EXERCISE DIRECTIONS ->
Leave the images out, and otherwise write out each entry exactly.

Dataset records ->
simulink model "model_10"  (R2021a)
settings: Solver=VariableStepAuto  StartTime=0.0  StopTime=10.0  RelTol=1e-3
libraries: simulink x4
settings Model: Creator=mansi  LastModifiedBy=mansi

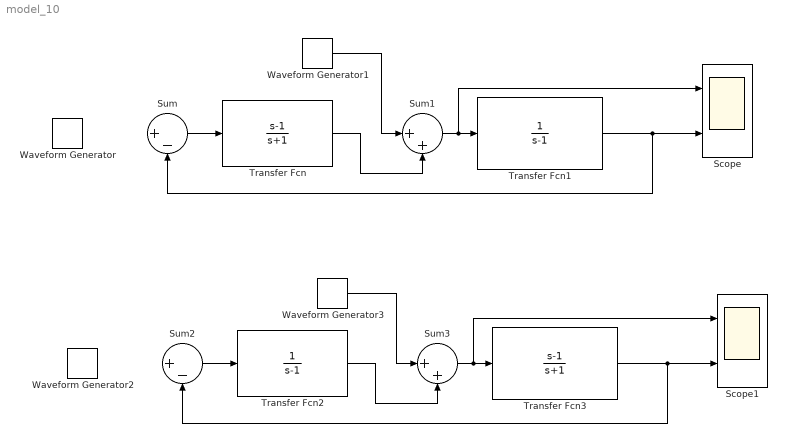
== system model_10 ==
  Scope : Scope  NumInputPorts=2
  Scope1 : Scope  NumInputPorts=2
  Sum : Sum  Inputs=|+-
  Sum1 : Sum  Inputs=|++
  Sum2 : Sum  Inputs=|+-
  Sum3 : Sum  Inputs=|++
  Transfer Fcn : TransferFcn  Numerator=[1,-1]  Denominator=[1 1]
  Transfer Fcn1 : TransferFcn  Denominator=[1,-1]
  Transfer Fcn2 : TransferFcn  Denominator=[1 -1]
  Transfer Fcn3 : TransferFcn  Numerator=[1,-1]  Denominator=[1,1]
  Waveform Generator : simulink/Sources/Waveform Generator  OutMin=[]  OutMax=[]  OutDataTypeStr=double  SelectedSignal=1  Signals=step(0,0,1)  BlockNames=MultiportSwitch_77ad4a2251064ef  SampleTime=0.1
  Waveform Generator1 : simulink/Sources/Waveform Generator  OutMin=[]  OutMax=[]  OutDataTypeStr=double  SelectedSignal=1  Signals=step(0,0,1)  BlockNames=MultiportSwitch_aa92083b733846f  SampleTime=0.1
  Waveform Generator2 : simulink/Sources/Waveform Generator  OutMin=[]  OutMax=[]  OutDataTypeStr=double  SelectedSignal=1  Signals=step(0,0,1)  BlockNames=MultiportSwitch_77ad4a2251064ef  SampleTime=0.1
  Waveform Generator3 : simulink/Sources/Waveform Generator  OutMin=[]  OutMax=[]  OutDataTypeStr=double  SelectedSignal=1  Signals=step(0,0,1)  BlockNames=MultiportSwitch_aa92083b733846f  SampleTime=0.1
  wires:
  Transfer Fcn1/1 -> Sum/2, Scope/2
  Sum/1 -> Transfer Fcn/1
  Transfer Fcn/1 -> Sum1/2
  Sum1/1 -> Scope/1, Transfer Fcn1/1
  Waveform Generator1/1 -> Sum1/1
  Transfer Fcn2/1 -> Sum3/2
  Transfer Fcn3/1 -> Sum2/2, Scope1/2
  Sum3/1 -> Scope1/1, Transfer Fcn3/1
  Sum2/1 -> Transfer Fcn2/1
  Waveform Generator3/1 -> Sum3/1

EXERCISE SOLUTION ->
simulink model "model_10"  (R2021a)
settings: Solver=VariableStepAuto  StartTime=0.0  StopTime=10.0  RelTol=1e-3
libraries: simulink x4
settings Model: Creator=mansi  LastModifiedBy=mansi

== system model_10 ==
  Scope : Scope  NumInputPorts=2
  Scope1 : Scope  NumInputPorts=2
  Sum : Sum  Inputs=|+-
  Sum1 : Sum  Inputs=|++
  Sum2 : Sum  Inputs=|+-
  Sum3 : Sum  Inputs=|++
  Transfer Fcn : TransferFcn  Numerator=[1,-1]  Denominator=[1 1]
  Transfer Fcn1 : TransferFcn  Denominator=[1,-1]
  Transfer Fcn2 : TransferFcn  Denominator=[1 -1]
  Transfer Fcn3 : TransferFcn  Numerator=[1,-1]  Denominator=[1,1]
  Waveform Generator : simulink/Sources/Waveform Generator  OutMin=[]  OutMax=[]  OutDataTypeStr=double  SelectedSignal=1  Signals=step(0,0,1)  BlockNames=MultiportSwitch_77ad4a2251064ef  SampleTime=0.1
  Waveform Generator1 : simulink/Sources/Waveform Generator  OutMin=[]  OutMax=[]  OutDataTypeStr=double  SelectedSignal=1  Signals=step(0,0,1)  BlockNames=MultiportSwitch_aa92083b733846f  SampleTime=0.1
  Waveform Generator2 : simulink/Sources/Waveform Generator  OutMin=[]  OutMax=[]  OutDataTypeStr=double  SelectedSignal=1  Signals=step(0,0,1)  BlockNames=MultiportSwitch_77ad4a2251064ef  SampleTime=0.1
  Waveform Generator3 : simulink/Sources/Waveform Generator  OutMin=[]  OutMax=[]  OutDataTypeStr=double  SelectedSignal=1  Signals=step(0,0,1)  BlockNames=MultiportSwitch_aa92083b733846f  SampleTime=0.1
  wires:
  Transfer Fcn1/1 -> Sum/2, Scope/2
  Sum/1 -> Transfer Fcn/1
  Transfer Fcn/1 -> Sum1/2
  Sum1/1 -> Scope/1, Transfer Fcn1/1
  Waveform Generator1/1 -> Sum1/1
  Transfer Fcn2/1 -> Sum3/2
  Transfer Fcn3/1 -> Sum2/2, Scope1/2
  Sum3/1 -> Scope1/1, Transfer Fcn3/1
  Sum2/1 -> Transfer Fcn2/1
  Waveform Generator3/1 -> Sum3/1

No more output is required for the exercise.